◆ Your objective:
When you reach the line containing "Fake joint/1(F [N]) -> Scope1/1" in the entries below, begin reproducing lines exactly, and stop once the line containing "Gain/1 -> Actuator LA/1" is done.

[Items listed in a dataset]

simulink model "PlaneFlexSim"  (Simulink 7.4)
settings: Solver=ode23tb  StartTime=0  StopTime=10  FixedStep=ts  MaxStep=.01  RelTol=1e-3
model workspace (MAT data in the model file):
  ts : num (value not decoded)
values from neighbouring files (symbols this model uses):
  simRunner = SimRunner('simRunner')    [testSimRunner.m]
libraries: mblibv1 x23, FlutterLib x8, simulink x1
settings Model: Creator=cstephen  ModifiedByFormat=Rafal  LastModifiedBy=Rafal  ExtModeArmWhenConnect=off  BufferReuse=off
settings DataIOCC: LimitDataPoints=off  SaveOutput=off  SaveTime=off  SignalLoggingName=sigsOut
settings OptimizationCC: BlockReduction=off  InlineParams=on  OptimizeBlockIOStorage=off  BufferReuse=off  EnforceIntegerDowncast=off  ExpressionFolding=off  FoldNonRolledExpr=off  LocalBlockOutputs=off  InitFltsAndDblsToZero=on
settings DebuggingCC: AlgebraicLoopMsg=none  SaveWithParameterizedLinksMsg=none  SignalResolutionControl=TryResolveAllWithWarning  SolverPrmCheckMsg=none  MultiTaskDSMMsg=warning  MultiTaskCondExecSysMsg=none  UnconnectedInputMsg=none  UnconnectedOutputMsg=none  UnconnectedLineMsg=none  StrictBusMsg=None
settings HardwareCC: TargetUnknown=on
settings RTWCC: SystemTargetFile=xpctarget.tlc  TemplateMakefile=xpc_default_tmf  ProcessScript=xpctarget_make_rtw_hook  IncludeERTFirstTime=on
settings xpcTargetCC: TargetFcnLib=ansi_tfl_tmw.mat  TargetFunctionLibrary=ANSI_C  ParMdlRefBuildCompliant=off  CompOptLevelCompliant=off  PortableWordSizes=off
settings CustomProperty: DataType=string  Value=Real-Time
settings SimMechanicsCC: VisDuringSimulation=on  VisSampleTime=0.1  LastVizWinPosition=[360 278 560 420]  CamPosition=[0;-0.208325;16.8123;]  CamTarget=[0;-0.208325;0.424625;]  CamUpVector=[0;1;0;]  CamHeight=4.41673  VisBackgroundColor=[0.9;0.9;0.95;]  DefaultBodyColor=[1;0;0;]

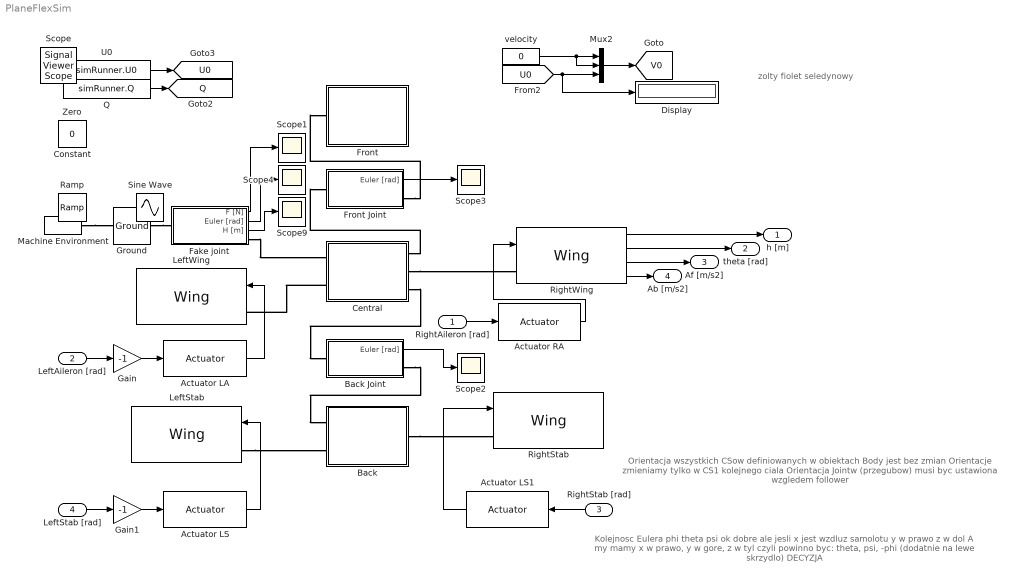
== system PlaneFlexSim ==
  note: Orientacja wszystkich CSow definiowanych
      | w obiektach Body jest bez zmian
      | Orientacje zmieniamy tylko w CS1 kolejnego ciala
      | Orientacja Jointw (przegubow) musi byc ustawiona
      | wzgledem follower
  note: zolty
      | fiolet
      | seledynowy
  note: Kolejnosc Eulera
      | phi theta psi
      | ok dobre ale jesli x jest wzdluz samolotu
      | y w prawo z w dol
      | A my mamy x w prawo, y w gore, z w tyl
      | czyli powinno byc:
      | theta, psi, -phi (dodatnie na lewe skrzydlo)
      | DECYZJA
  RightAileron [rad] : Inport  OutDataType=fixdt(1, 16)  OutScaling=2^0
  LeftAileron [rad] : Inport  Port=2  OutDataType=fixdt(1, 16)  OutScaling=2^0
  RightStab [rad] : Inport  Port=3  OutDataType=fixdt(1, 16)  OutScaling=2^0
  LeftStab [rad] : Inport  Port=4  OutDataType=fixdt(1, 16)  OutScaling=2^0
  Actuator LA : FlutterLib/Actuator  SystemSampleTime=-1  actuator=simRunner.actuator
  Actuator LS : FlutterLib/Actuator  SystemSampleTime=-1  actuator=simRunner.actuator
  Actuator LS1 : FlutterLib/Actuator  SystemSampleTime=-1  actuator=simRunner.actuator
  Actuator RA : FlutterLib/Actuator  SystemSampleTime=-1  actuator=simRunner.actuator
  Back : Subsystem
  Back Joint : Subsystem
  Central : Subsystem
  Display : Display
  Fake joint : Subsystem
  Front : Subsystem
  Front Joint : Subsystem
  Gain : Gain  Gain=-1  ParameterDataType=fixdt(1, 16)  ParameterScaling=2^0  OutDataType=fixdt(1, 16)  OutScaling=2^0
  Gain1 : Gain  Gain=-1  ParameterDataType=fixdt(1, 16)  ParameterScaling=2^0  OutDataType=fixdt(1, 16)  OutScaling=2^0
  Ground : mblibv1/Bodies/Ground  DialogController=MECH.DynMechDlgSource  SystemSampleTime=-1  UpdateFromCAD=off  LeftPortType=env  RightPortType=workingframe  PhysicalDomain=Mechanical  DialogClass=GroundBlock  CoordPosition=[0 0 0]  CoordPositionUnits=m  StateVectorMgrId=-1  MachineId=[0 0]  ShowEnvPort=on
  LeftStab : FlutterLib/Wing  SystemSampleTime=-1  wing=simRunner.stabParams  wingOrientation=[0 0 210]
  LeftWing : FlutterLib/Wing  SystemSampleTime=-1  wing=simRunner.wingParams  wingOrientation=[0 0 -180]
  Machine Environment : mblibv1/Bodies/Machine Environment  DialogController=MECH.DialogSource  SystemSampleTime=-1  PortType=env  PhysicalDomain=Mechanical  DialogTemplateClass=MECH.MachineEnvironment  SyncWhenCopied=off  Gravity=[0 -simRunner.g 0]  GravityUnits=m/s^2  GravityAsSignal=off  Dimensionality=3D Only  AnalysisType=Forward dynamics  LinearAssemblyTolerance=1e-3  LinearAssemblyToleranceUnits=m  AngularAssemblyTolerance=1e-3  AngularAssemblyToleranceUnits=rad  ConstraintSolverType=Stabilizing  ConstraintRelTolerance=1e-4  ConstraintAbsTolerance=1e-4  UseRobustSingularityHandling=off  RedundancyAnalysisToleranceType=Automatically select tolerance  RedundancyAnalysisTolerance=1e-14  StatePerturbationType=Adaptive  PerturbationSize=1e-3  VisualizeMachine=on  BodyVisualizationType=Use model default body geometries  BodyColorSelMode=Use model default  DefaultBodyColor=[1 0 0]
  Mux2 : Mux  Inputs=3
  Q : Constant  Value=simRunner.Q  OutDataType=sfix(16)  OutScaling=2^0
  RightStab : FlutterLib/Wing  SystemSampleTime=-1  wing=simRunner.stabParams  wingOrientation=[0 0 -30]
  RightWing : FlutterLib/Wing  SystemSampleTime=-1  wing=simRunner.wingParams  wingOrientation=[0 0 0]
  Scope{1..4,9} (5 alike) : Scope
      Scope3 settings: SaveName=ScopeData2
      Scope4 settings: SaveName=ScopeData3
      Scope9 settings: SaveName=ScopeData8
  U0 : Constant  Value=simRunner.U0  OutDataType=sfix(16)  OutScaling=2^0
  velocity : Constant  Value=0  OutDataType=sfix(16)  OutScaling=2^0
  h [m] : Outport  OutDataType=fixdt(1, 16)  OutScaling=2^0
  theta [rad] : Outport  Port=2  OutDataType=fixdt(1, 16)  OutScaling=2^0
  Af [m/s2] : Outport  Port=3  OutDataType=fixdt(1, 16)  OutScaling=2^0
  Ab [m/s2] : Outport  Port=4  OutDataType=fixdt(1, 16)  OutScaling=2^0
  Constant : Constant  IOType=siggen  Value=-1  OutDataType=sfix(16)  OutScaling=2^0
  Ramp : simulink/Sources/Ramp  IOType=siggen  SystemSampleTime=-1  slope=1  start=0  X0=0
  Scope : SignalViewerScope  IOType=viewer  ZoomMode=xonly  LegendLocations="674.3333      275.3333            95            41"  RefreshTime=0.035000
      settings: ShowLegends=on  YMin=-0.0018  YMax=0.0002
  Sine Wave : Sin  IOType=siggen  Amplitude=10  Bias=0  Frequency=5  Phase=pi/2  Samples=10  SampleTime=0  Offset=0
  Zero : Constant  IOType=siggen  Value=0  OutDataType=sfix(16)  OutScaling=2^0
  tag scope: Q=global, U0=global, V0=global
  wires:
  [U0] -> Mux2/3, Display/1
  Mux2/1 -> [V0]
  velocity/1 -> Mux2/1, Mux2/2
  Fake joint/1(F [N]) -> Scope1/1
  Front Joint/1(Euler [rad]) -> Scope3/1
  Back Joint/1(Euler [rad]) -> Scope2/1
  Fake joint/2(Euler [rad]) -> Scope4/1
  RightAileron [rad]/1 -> Actuator RA/1
  LeftStab [rad]/1 -> Gain1/1
  RightStab [rad]/1 -> Actuator LS1/1
  Fake joint/3(H [m]) -> Scope9/1
  U0/1 -> [U0]
  Q/1 -> [Q]
  Actuator RA/1 -> RightWing/1
  RightWing/2 -> theta [rad]/1
  RightWing/1 -> h [m]/1
  RightWing/3 -> Af [m/s2]/1
  RightWing/4 -> Ab [m/s2]/1
  LeftAileron [rad]/1 -> Gain/1
  Actuator LA/1 -> LeftWing/1
  Actuator LS/1 -> LeftStab/1
  Actuator LS1/1 -> RightStab/1
  Gain/1 -> Actuator LA/1
  Gain1/1 -> Actuator LS/1
  connections:
  Machine Environment/RConn1 -- Ground/LConn1
  Ground/RConn1 -- Fake joint/LConn1
  Fake joint/RConn1 -- Central/LConn1
  Central/RConn3 -- Back Joint/LConn1
  Back Joint/RConn1 -- Back/LConn1
  Central/RConn1 -- Front Joint/LConn1
  Front Joint/RConn1 -- Front/LConn1
  Back/RConn1 -- RightStab/LConn1
  LeftStab/LConn1 -- Back/LConn2
  Central/LConn2 -- LeftWing/LConn1
  Central/RConn2 -- RightWing/LConn1

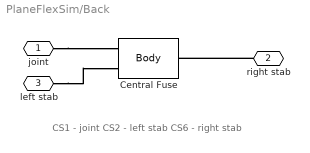
== system PlaneFlexSim/Back ==
  note: CS1 - joint
      | CS2 - left stab
      | CS6 - right stab
  Central Fuse : mblibv1/Bodies/Body  DialogController=MECH.DynMechDlgSource  PhysicalDomain=mechanical  SubClassName=Unknown  LeftPortType=workingframe  RightPortType=workingframe  LConnTagsString=CS1|CS2  RConnTagsString=CS6  UpdateFromCAD=off  DialogClass=MechanicalBodyBlock  Mass=simRunner.fuse.Back.Mass  MassUnits=kg  InertiaUnits=kg*m^2  Inertia=simRunner.fuse.Back.Inertia  Shape=Cylinder  ShapeDims=[1 1]  ShapeUnits=m  ShapeUse=false  Density=1  DensityUnits=kg/m^3  DensityUse=false  GraphicsMode=MACHINE_DEFAULT  BodyColorSelMode=MACHINE_DEFAULT  BodyColor=[1 0 0]  AttachedToCS=CG  CG=Left$CG$simRunner.fuse.Back.CG$CS1$CS1$m$[0 0 0]$Euler X-Y-Z$deg$CS1$false$none  WorkingFrames=Left$CS1$[0 0 0]$Adjoining$Adjoining$m$[0 0 0]$Euler X-Y-Z$deg$Adjoining$true$none#Right$CS6$[0 0 3.1]$CS1$CS1$m$[0 0 0]$Euler X-Y-Z$deg$CS1$true$none#Left$CS2$[0 0 3.1]$CS1$CS1$m$[0 0 0]$Euler X-Y-Z$deg$CS1$true$none#Left$CS5$[-0.4 0 0]$CS1$CS1$m$[0 0 0]$Euler X-Y-Z$deg$CS1$false$none#Left$CS3$[0 0.8 0]$CS1$CS1$m$[0 0 0]$Euler X-Y-Z$deg$CS1$false$none#Left$CS9$[0.4 0 0]$CS1$CS1$m$[0 0 0]$Euler X-Y-Z$deg$CS1$false$none#Left$CS8$[0 -0.2 0]$CS1$CS1$m$[0 0 0]$Euler X-Y-Z$deg$CS1$false$none#Left$CS10$[-0.2 0 3.6]$CS1$CS1$m$[0 0 0]$Euler X-Y-Z$deg$CS1$false$none#Left$CS13$[0 0.2 3.6]$CS1$CS1$m$[0 0 0]$Euler X-Y-Z$deg$CS1$false$none#Left$CS12$[0.2 0 3.6]$CS1$CS1$m$[0 0 0]$Euler X-Y-Z$deg$CS1$false$none#Left$CS11$[0 -0.1 3.6]$CS1$CS1$m$[0 0 0]$Euler X-Y-Z$deg$CS1$false$none  CGPos=simRunner.fuse.Back.CG  CGRot=[0 0 0]  CS0Pos=[]  CS0Rot=[]  CS1Pos=[0 0 0]  CS1Rot=[0 0 0]  CS2Pos=[0 0 3.1]  CS2Rot=[0 0 0]  CS3Pos=[0 0.8 0]  CS3Rot=[0 0 0]  CS4Pos=[]  CS4Rot=[]  CS5Pos=[-0.4 0 0]  CS5Rot=[0 0 0]  CS6Pos=[0 0 3.1]  CS6Rot=[0 0 0]  CS7Pos=[]  CS7Rot=[]  CS8Pos=[0 -0.2 0]  CS8Rot=[0 0 0]  CS9Pos=[0.4 0 0]  CS9Rot=[0 0 0]  CS10Pos=[-0.2 0 3.6]  CS10Rot=[0 0 0]  CS11Pos=[0 -0.1 3.6]  CS11Rot=[0 0 0]  CS12Pos=[0.2 0 3.6]  CS12Rot=[0 0 0]  CS13Pos=[0 0.2 3.6]  CS13Rot=[0 0 0]  CS14Pos=[]  CS14Rot=[]  CS15Pos=[]  CS15Rot=[]  CS16Pos=[]  CS16Rot=[]  CS17Pos=[]  CS17Rot=[]  CS18Pos=[]  CS18Rot=[]  CS19Pos=[]  CS19Rot=[]  CS20Pos=[]  CS20Rot=[]
  joint : PMIOPort  Port=1  Side=Left
  right stab : PMIOPort  Port=2  Side=Right
  left stab : PMIOPort  Port=3  Side=Left
  connections:
  right stab/RConn1 -- Central Fuse/RConn1
  joint/RConn1 -- Central Fuse/LConn1
  left stab/RConn1 -- Central Fuse/LConn2

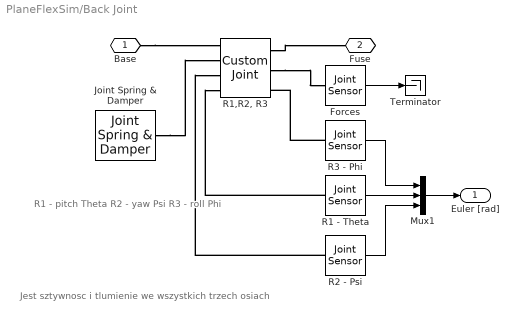
== system PlaneFlexSim/Back Joint ==
  note: R1 - pitch Theta
      | R2 - yaw Psi
      | R3 - roll Phi
  note: Jest sztywnosc i
      | tlumienie
      | we wszystkich trzech
      | osiach
  Forces : mblibv1/Sensors &  Actuators/Joint Sensor  DialogController=MECH.DynMechDlgSource  SystemSampleTime=-1  UpdateFromCAD=off  PhysicalDomain=Mechanical  PortType=blob  Muxed=on  Pose=off  Angle=off  AngleUnits=rad  ArcVelocity=off  ArcVelocityUnits=rad/s  ArcAcceleration=off  ArcAccelerationUnits=deg/s^2  CoordPosition=on  CoordPositionUnits=m  Velocity=off  VelocityUnits=m/s  Acceleration=off  AccelerationUnits=m/s^2  Quaternion=on  QuaternionDT=off  QuaternionDDT=off  QuaternionUnits=off  OutputVector=[1]  ActiveIO=on  Width=3  DialogClass=MechanicalSensorBlock  Primitive=R1  Force=off  ForceUnits=N  Torque=off  TorqueUnits=N*m  ReferenceFrame=Absolute (World)  ReactionSensedSide=Base  ReactionReferenceFrame=Absolute (World)  ReactionForce=on  ReactionForceUnits=N  ReactionMoment=off  ReactionMomentUnits=N*m
  Joint Spring & Damper : mblibv1/Force  Elements/Joint Spring & Damper  DialogController=MECH.DynMechDlgSource  SystemSampleTime=-1  UpdateFromCAD=off  DialogClass=JointSpringDamper  JFEParameters=P1$false$0$0$0$m$m/s$N$deg$deg/s$N*m#P2$false$0$0$0$m$m/s$N$deg$deg/s$N*m#P3$false$0$0$0$m$m/s$N$deg$deg/s$N*m#R1$true$simRunner.fuse.K.K_theta$simRunner.fuse.K.Zeta_theta$0$m$m/s$N$deg$deg/s$N*m#R2$true$simRunner.fuse.K.K_psi$simRunner.fuse.K.Zeta_psi$0$m$m/s$N$deg$deg/s$N*m#R3$true$simRunner.fuse.K.K_phi$simRunner.fuse.K.Zeta_phi$0$m$m/s$N$deg$deg/s$N*m#S$false$0$0$0$m$m/s$N$deg$deg/s$N*m
  Mux1 : Mux  Inputs=3
  R1 - Theta : mblibv1/Sensors &  Actuators/Joint Sensor  DialogController=MECH.DynMechDlgSource  SystemSampleTime=-1  UpdateFromCAD=off  PhysicalDomain=Mechanical  PortType=blob  Muxed=on  Pose=off  Angle=on  AngleUnits=rad  ArcVelocity=off  ArcVelocityUnits=rad/s  ArcAcceleration=off  ArcAccelerationUnits=deg/s^2  CoordPosition=on  CoordPositionUnits=m  Velocity=off  VelocityUnits=m/s  Acceleration=off  AccelerationUnits=m/s^2  Quaternion=on  QuaternionDT=off  QuaternionDDT=off  QuaternionUnits=off  OutputVector=[1]  ActiveIO=on  Width=1  DialogClass=MechanicalSensorBlock  Primitive=R1  Force=off  ForceUnits=N  Torque=off  TorqueUnits=N*m  ReferenceFrame=Absolute (World)  ReactionSensedSide=Base  ReactionReferenceFrame=Absolute (World)  ReactionForce=off  ReactionForceUnits=N  ReactionMoment=off  ReactionMomentUnits=N*m
  "R1,R2, R3" : mblibv1/Joints/Custom Joint  DialogController=MECH.DynMechDlgSource  PhysicalDomain=mechanical  SubClassName=custom_joint  LeftPortType=blob  RightPortType=blob  LConnTagsString=__newl0|SA1|SA2|SA3  RConnTagsString=__newr0|SA1|SA2  UpdateFromCAD=off  NumSAPorts=5  CutJoint=off  MarkAsCut=off  Primitives=prismatic  PrimitiveProps=R1$Follower$[1 0 0]$revolute#R2$Follower$[0 1 0]$Revolute#R3$Follower$[0 0 1]$Revolute  DialogClass=JointBlock  R1Axis=[1 0 0]  R2Axis=[0 1 0]  R3Axis=[0 0 1]  P1Axis=[]  P2Axis=[]  P3Axis=[]  SAxis=[]
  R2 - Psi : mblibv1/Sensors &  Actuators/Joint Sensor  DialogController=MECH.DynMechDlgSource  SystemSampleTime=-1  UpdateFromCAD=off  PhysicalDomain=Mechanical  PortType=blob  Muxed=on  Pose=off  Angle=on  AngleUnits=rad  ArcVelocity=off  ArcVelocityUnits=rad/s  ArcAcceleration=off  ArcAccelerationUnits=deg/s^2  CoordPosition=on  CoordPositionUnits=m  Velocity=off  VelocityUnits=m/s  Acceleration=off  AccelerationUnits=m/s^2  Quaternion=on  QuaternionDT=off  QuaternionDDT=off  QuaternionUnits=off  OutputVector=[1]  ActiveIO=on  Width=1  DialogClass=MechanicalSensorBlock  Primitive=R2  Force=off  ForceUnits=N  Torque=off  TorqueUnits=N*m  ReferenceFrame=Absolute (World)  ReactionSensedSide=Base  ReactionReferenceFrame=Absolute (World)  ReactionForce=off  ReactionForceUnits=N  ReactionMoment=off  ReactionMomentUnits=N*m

◆ Answer space:
  Fake joint/1(F [N]) -> Scope1/1
  Front Joint/1(Euler [rad]) -> Scope3/1
  Back Joint/1(Euler [rad]) -> Scope2/1
  Fake joint/2(Euler [rad]) -> Scope4/1
  RightAileron [rad]/1 -> Actuator RA/1
  LeftStab [rad]/1 -> Gain1/1
  RightStab [rad]/1 -> Actuator LS1/1
  Fake joint/3(H [m]) -> Scope9/1
  U0/1 -> [U0]
  Q/1 -> [Q]
  Actuator RA/1 -> RightWing/1
  RightWing/2 -> theta [rad]/1
  RightWing/1 -> h [m]/1
  RightWing/3 -> Af [m/s2]/1
  RightWing/4 -> Ab [m/s2]/1
  LeftAileron [rad]/1 -> Gain/1
  Actuator LA/1 -> LeftWing/1
  Actuator LS/1 -> LeftStab/1
  Actuator LS1/1 -> RightStab/1
  Gain/1 -> Actuator LA/1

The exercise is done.